Is copper really in surplus? – by Geoff Candy ( – October 21, 2013)

While many assume the red metal either to be already in surplus or very nearly there, French bank Natixis believes the level of Chinese stocks tells a different story.

GRONINGEN (MINEWEB) – In a note out late last week, French bank, Natixis, queries the assumption that the copper market is already in surplus. While it doesn’t dispute that the copper market could move into surplus over the next few years, the bank maintains that saying it is already in surplus could be premature.

The reason for the dispute is the level of stocking or destocking in China that has taken place over the last few months – an issue that caused problems for copper price predictions previously.

According to Natixis, if one goes only by the level of copper stocks held in exchange warehouses, which it defines as those belonging to the LME, SHFE and Comex, then it does look decidedly like the market is in surplus, as these stocks have risen by about 110,000 tonnes since the beginning of the year.

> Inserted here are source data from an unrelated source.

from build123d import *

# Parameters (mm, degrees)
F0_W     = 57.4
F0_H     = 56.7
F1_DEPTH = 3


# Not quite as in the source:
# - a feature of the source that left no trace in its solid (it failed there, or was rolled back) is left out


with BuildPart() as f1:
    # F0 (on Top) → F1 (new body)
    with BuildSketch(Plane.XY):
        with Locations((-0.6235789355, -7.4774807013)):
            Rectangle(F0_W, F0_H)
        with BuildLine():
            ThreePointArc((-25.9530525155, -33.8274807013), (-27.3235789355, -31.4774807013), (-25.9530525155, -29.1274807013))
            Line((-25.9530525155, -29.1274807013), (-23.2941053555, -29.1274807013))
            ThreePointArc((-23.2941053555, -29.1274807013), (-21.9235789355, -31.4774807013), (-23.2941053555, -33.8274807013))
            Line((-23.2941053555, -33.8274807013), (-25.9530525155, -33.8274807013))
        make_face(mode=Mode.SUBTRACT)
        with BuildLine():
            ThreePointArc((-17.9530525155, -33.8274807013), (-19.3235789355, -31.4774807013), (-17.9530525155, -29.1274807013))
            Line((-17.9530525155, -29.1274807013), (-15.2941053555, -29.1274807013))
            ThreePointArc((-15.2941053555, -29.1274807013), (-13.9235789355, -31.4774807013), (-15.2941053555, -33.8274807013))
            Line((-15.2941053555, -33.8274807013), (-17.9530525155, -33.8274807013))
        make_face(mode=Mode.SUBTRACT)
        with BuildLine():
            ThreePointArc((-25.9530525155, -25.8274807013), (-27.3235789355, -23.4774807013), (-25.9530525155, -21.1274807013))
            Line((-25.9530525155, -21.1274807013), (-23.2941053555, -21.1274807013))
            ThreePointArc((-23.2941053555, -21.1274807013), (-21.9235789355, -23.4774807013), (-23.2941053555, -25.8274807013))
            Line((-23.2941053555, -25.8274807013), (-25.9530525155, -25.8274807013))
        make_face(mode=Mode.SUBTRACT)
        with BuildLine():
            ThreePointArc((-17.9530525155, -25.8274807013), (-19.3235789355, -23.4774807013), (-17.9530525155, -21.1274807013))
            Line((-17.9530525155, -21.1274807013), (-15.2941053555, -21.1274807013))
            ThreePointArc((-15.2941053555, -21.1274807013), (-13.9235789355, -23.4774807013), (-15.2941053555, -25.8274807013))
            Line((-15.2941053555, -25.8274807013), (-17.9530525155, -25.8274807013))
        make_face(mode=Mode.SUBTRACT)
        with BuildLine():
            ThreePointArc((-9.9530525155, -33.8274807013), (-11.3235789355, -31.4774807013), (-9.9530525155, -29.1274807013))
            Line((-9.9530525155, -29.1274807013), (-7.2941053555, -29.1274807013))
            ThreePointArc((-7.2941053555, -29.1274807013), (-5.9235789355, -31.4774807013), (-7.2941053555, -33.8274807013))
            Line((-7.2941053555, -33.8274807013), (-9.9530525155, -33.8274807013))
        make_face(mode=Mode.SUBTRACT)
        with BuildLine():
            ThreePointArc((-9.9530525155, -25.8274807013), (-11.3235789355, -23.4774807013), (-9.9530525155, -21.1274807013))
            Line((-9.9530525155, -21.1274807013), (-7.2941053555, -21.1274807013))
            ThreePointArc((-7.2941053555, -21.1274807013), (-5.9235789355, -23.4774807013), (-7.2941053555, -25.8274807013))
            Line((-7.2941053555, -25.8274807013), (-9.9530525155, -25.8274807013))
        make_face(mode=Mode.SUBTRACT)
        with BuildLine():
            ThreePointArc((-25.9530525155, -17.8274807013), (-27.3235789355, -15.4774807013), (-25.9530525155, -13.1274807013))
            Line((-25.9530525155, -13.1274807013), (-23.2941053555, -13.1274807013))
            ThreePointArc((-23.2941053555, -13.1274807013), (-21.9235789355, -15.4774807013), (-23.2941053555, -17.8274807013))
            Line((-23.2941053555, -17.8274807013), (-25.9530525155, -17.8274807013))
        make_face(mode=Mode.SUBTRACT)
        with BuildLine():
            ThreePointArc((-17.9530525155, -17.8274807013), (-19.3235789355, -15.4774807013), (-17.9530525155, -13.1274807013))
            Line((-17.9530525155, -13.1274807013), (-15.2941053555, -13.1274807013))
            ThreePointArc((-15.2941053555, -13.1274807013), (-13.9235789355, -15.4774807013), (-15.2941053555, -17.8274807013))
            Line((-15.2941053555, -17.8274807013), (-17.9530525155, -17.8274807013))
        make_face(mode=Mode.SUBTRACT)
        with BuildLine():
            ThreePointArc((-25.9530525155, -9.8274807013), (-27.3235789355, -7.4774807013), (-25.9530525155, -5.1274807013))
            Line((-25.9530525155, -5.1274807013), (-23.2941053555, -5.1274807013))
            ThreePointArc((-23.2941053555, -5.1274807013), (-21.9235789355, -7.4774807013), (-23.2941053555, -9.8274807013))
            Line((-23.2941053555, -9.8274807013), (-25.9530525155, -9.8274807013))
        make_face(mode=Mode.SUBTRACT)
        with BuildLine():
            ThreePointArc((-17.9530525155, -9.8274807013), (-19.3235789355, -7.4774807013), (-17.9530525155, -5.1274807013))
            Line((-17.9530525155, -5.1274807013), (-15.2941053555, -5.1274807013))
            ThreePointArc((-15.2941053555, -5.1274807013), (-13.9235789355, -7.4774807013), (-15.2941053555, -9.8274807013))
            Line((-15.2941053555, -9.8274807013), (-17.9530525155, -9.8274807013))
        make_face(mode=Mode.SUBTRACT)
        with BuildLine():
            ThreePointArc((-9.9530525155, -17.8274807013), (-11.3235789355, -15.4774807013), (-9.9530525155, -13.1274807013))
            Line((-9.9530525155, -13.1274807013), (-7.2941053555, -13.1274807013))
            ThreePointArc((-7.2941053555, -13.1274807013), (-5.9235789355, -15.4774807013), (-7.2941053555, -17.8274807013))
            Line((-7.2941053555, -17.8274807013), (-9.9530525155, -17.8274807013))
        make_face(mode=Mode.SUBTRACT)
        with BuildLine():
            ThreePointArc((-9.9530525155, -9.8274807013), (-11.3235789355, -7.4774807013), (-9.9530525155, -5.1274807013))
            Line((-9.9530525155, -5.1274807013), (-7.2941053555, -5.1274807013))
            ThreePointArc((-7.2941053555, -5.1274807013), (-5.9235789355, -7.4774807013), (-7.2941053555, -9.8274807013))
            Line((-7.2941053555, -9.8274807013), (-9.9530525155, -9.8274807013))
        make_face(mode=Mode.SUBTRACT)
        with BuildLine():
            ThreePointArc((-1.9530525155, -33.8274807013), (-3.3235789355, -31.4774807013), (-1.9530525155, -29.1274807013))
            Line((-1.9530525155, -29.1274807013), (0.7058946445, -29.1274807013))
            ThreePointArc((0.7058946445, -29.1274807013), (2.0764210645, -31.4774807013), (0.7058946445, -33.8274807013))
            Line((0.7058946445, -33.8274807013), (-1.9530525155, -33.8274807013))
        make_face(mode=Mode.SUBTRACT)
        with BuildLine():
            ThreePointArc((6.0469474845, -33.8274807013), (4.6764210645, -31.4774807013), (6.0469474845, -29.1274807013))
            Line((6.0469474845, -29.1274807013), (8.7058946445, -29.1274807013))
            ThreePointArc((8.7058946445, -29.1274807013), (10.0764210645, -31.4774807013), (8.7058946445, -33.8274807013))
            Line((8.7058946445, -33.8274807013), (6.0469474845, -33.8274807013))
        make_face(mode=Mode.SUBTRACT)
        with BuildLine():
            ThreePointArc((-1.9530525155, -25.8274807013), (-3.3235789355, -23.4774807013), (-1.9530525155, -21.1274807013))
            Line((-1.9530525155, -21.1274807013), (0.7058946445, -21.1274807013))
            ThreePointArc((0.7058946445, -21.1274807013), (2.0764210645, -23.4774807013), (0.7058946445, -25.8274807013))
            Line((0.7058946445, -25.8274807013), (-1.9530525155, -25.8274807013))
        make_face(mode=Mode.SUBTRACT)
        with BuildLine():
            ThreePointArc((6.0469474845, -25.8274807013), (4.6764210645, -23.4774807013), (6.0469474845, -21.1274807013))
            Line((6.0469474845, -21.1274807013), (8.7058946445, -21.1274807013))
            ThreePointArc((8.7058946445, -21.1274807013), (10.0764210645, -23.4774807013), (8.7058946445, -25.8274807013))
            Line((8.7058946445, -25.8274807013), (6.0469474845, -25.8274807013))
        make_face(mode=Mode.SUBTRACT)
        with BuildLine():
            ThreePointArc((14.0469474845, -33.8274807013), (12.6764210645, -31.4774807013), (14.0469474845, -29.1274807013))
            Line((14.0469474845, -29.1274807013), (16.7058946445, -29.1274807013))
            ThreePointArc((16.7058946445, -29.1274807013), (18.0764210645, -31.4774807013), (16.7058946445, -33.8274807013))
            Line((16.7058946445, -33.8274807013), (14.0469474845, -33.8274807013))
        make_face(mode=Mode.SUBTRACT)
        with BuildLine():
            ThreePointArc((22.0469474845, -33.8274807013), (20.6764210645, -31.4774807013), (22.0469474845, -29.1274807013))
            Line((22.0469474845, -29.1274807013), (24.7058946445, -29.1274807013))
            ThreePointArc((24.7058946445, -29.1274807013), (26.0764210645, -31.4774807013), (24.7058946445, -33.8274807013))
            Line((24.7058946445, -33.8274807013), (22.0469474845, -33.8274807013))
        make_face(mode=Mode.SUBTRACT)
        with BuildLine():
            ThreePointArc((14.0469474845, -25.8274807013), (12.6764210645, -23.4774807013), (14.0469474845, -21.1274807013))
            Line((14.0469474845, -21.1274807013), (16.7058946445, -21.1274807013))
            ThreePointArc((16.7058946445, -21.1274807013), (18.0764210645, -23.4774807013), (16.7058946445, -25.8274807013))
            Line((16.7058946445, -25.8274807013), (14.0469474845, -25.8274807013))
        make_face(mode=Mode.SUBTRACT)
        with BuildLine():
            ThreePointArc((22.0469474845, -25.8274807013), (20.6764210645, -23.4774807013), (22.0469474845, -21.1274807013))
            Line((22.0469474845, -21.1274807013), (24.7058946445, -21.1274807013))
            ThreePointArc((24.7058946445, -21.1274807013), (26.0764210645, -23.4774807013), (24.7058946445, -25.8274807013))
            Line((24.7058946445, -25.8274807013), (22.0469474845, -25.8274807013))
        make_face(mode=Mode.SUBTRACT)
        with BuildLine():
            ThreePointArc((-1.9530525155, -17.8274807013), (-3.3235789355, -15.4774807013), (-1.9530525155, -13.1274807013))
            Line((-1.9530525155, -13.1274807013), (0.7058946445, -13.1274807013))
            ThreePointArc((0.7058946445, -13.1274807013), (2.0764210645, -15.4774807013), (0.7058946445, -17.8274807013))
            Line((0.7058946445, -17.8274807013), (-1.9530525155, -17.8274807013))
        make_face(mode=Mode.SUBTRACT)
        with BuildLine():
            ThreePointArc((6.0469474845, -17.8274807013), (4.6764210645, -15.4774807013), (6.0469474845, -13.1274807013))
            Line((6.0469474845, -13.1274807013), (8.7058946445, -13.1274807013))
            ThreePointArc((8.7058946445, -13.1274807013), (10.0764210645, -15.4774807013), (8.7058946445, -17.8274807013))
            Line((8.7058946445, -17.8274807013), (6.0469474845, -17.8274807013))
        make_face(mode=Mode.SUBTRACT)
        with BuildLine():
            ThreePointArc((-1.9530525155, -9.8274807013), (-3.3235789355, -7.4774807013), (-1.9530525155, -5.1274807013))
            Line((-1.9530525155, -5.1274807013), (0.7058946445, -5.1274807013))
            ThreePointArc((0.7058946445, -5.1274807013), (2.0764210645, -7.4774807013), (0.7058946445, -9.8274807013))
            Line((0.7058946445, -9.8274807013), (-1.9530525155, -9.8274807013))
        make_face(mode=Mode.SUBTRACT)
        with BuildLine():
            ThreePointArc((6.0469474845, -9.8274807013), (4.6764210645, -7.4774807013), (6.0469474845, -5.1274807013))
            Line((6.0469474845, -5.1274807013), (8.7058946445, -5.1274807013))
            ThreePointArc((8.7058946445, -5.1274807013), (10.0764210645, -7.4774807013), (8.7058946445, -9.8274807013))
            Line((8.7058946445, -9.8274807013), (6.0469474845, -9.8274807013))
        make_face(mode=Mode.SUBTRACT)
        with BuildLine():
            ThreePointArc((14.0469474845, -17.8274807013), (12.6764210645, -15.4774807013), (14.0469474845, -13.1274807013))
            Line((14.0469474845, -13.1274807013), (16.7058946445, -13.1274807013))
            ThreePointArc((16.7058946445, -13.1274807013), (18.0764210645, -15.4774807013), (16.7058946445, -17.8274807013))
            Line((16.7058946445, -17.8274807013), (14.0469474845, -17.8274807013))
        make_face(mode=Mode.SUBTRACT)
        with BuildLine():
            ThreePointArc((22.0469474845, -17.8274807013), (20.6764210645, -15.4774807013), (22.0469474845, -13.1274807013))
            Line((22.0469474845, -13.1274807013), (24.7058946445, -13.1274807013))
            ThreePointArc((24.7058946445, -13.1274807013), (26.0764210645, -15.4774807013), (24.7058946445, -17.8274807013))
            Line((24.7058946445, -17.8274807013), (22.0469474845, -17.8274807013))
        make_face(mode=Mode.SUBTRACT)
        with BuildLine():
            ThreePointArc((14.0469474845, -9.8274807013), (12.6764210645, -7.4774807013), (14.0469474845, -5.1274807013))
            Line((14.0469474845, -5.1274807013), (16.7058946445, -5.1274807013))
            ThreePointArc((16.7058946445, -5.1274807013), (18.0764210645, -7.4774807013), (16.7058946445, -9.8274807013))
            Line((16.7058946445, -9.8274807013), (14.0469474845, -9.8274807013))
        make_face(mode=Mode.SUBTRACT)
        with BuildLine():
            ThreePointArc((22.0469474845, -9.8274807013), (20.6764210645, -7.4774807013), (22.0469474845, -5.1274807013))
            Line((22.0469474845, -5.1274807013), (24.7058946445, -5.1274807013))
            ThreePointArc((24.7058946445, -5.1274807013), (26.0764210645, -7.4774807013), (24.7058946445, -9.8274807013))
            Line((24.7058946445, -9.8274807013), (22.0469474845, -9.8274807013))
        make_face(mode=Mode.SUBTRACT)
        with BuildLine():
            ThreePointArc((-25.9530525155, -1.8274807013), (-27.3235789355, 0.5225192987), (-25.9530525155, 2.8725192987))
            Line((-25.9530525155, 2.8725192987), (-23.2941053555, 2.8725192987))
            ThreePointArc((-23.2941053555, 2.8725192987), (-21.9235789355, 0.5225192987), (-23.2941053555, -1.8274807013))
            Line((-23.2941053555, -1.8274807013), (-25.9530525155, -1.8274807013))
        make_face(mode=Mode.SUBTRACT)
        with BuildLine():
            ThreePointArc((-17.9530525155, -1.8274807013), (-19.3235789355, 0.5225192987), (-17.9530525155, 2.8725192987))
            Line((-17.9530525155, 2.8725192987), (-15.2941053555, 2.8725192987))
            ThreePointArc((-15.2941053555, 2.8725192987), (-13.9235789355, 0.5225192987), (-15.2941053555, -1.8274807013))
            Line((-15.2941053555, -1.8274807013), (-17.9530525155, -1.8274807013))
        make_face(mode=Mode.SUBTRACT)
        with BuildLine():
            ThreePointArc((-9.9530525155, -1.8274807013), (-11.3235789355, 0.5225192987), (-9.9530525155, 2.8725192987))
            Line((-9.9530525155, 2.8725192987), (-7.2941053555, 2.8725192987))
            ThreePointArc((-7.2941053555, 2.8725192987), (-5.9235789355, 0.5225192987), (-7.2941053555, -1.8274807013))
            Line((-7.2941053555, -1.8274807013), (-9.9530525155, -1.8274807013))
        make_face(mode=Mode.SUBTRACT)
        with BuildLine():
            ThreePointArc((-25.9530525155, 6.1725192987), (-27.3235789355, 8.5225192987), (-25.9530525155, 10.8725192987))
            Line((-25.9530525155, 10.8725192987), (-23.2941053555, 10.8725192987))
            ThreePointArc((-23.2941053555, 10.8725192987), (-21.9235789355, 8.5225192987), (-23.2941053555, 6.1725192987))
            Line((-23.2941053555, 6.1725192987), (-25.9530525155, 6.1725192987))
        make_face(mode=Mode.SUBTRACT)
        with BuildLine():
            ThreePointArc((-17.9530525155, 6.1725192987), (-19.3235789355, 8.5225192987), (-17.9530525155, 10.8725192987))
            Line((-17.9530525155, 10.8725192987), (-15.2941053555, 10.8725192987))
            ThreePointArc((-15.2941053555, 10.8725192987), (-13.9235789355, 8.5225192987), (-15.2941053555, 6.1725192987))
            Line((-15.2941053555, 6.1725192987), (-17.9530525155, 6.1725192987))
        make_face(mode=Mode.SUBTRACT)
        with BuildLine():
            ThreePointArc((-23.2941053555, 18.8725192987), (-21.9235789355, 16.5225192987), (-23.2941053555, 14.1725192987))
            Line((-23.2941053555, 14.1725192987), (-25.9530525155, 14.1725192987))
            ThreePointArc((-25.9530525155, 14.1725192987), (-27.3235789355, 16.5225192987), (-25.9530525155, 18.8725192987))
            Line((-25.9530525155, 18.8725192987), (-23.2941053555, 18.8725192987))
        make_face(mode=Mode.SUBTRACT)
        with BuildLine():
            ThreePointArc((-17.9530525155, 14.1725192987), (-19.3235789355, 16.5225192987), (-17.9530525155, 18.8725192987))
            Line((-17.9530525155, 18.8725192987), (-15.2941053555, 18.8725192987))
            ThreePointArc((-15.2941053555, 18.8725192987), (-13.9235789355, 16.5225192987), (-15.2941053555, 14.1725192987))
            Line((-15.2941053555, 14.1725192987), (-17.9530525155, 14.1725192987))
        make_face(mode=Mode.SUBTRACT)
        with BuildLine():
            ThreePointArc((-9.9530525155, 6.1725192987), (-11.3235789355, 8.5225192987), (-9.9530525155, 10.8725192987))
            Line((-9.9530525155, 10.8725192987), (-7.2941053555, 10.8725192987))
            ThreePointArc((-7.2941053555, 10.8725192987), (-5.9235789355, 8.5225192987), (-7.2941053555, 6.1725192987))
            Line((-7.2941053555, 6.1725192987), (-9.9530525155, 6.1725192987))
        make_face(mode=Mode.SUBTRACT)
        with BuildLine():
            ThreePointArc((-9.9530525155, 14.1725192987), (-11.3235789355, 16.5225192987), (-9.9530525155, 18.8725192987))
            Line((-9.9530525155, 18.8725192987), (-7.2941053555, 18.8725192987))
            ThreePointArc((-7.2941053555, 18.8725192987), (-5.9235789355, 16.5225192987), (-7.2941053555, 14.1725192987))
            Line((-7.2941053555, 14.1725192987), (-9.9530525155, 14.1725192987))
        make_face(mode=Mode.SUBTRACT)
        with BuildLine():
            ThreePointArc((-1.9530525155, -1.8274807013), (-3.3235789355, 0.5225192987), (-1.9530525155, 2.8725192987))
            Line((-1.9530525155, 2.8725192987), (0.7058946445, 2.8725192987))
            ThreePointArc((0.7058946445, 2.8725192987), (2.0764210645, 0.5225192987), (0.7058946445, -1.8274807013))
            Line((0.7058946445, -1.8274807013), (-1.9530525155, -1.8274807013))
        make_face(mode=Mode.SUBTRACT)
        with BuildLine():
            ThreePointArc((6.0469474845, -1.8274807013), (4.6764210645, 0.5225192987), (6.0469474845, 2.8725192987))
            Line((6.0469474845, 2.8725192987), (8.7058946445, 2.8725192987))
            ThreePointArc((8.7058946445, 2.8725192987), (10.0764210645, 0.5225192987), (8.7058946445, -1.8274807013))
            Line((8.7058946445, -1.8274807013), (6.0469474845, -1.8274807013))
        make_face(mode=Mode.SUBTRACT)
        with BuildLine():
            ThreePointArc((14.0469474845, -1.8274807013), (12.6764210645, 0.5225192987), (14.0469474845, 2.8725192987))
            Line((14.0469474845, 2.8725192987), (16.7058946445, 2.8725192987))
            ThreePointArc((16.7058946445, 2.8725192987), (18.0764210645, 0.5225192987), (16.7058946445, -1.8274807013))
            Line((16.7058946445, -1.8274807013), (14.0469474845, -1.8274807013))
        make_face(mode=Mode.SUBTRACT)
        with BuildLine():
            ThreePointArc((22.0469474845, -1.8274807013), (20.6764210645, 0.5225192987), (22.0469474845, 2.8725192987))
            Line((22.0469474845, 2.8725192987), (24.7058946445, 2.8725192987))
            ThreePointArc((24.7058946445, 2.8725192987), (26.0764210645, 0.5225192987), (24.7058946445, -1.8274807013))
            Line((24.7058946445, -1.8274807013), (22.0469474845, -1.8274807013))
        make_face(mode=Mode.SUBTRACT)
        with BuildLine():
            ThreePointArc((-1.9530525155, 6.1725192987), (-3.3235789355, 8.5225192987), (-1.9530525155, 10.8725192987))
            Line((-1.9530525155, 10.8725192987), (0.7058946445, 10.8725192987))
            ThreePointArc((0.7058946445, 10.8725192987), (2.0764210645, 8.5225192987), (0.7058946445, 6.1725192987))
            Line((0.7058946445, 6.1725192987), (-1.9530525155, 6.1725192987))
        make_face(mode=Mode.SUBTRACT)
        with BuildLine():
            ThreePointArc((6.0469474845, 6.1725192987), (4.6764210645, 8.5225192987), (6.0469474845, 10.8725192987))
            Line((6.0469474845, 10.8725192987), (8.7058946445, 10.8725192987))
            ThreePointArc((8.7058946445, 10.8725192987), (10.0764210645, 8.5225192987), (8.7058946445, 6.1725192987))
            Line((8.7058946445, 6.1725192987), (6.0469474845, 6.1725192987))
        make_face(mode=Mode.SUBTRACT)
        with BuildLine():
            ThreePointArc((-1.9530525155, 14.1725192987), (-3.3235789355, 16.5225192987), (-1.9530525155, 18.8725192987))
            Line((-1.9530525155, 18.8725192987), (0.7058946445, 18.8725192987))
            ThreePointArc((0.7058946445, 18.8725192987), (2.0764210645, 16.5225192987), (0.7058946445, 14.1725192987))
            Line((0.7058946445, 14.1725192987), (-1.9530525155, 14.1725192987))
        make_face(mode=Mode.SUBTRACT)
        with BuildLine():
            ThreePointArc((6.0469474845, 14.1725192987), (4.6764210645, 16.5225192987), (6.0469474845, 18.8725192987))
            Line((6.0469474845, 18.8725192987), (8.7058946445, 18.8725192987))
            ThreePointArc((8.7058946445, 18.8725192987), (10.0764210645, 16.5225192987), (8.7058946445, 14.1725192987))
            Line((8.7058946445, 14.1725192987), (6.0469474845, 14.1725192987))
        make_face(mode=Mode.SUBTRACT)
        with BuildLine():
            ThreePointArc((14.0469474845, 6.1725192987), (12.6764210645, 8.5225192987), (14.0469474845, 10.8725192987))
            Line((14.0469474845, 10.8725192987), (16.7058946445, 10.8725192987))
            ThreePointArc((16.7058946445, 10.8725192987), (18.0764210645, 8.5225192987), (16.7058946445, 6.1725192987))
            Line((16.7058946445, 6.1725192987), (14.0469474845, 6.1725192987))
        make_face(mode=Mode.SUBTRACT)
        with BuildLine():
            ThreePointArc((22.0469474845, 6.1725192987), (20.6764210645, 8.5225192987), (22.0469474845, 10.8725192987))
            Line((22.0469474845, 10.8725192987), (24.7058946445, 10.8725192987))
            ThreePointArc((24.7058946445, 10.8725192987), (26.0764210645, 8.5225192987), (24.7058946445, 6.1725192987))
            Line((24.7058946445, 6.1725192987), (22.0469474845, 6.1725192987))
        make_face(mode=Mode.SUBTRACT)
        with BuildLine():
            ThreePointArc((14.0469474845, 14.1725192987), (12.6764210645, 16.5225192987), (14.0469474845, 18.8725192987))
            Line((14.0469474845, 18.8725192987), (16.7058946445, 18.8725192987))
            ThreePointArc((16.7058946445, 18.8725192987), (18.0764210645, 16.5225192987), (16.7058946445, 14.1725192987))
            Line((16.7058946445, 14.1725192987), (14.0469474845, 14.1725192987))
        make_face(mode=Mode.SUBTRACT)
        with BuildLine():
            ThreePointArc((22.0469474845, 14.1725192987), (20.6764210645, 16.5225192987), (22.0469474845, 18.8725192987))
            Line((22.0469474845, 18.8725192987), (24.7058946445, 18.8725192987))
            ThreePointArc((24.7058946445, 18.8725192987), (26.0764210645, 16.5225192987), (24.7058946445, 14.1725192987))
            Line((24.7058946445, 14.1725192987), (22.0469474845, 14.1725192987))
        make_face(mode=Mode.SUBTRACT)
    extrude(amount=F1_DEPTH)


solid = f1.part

But, it says, “Anecdotal reports suggest that stocks of copper held at bonded warehouses in China peaked at somewhere between 1mn and 1.1mn tonnes in January, and have since fallen to a low of little more than 300,000 tonnes. Netting off 110,000 tonnes of higher exchange stocks versus 700-800,000 tonnes of lower bonded stocks suggests a substantial deficit.”

The problem that faces Natixis, however, is trying to figure out how much of these withdrawn stocks have actually been consumed.

The group then posits 3 different models in a bid to solve that question. The first supposes that Chinese imports of refined copper have averaged roughly the same as in 2012 – “somewhere around 280,000 tonnes per month”.

Such an assumption, taking the data from the first five months of the year, would imply, “Chinese destocking of a little over 300,000 tonnes of copper, followed by a neutral effect between June and August”.

The second model, examines the data under the assumption that Chinese end-user demand for copper grows in line with GDP.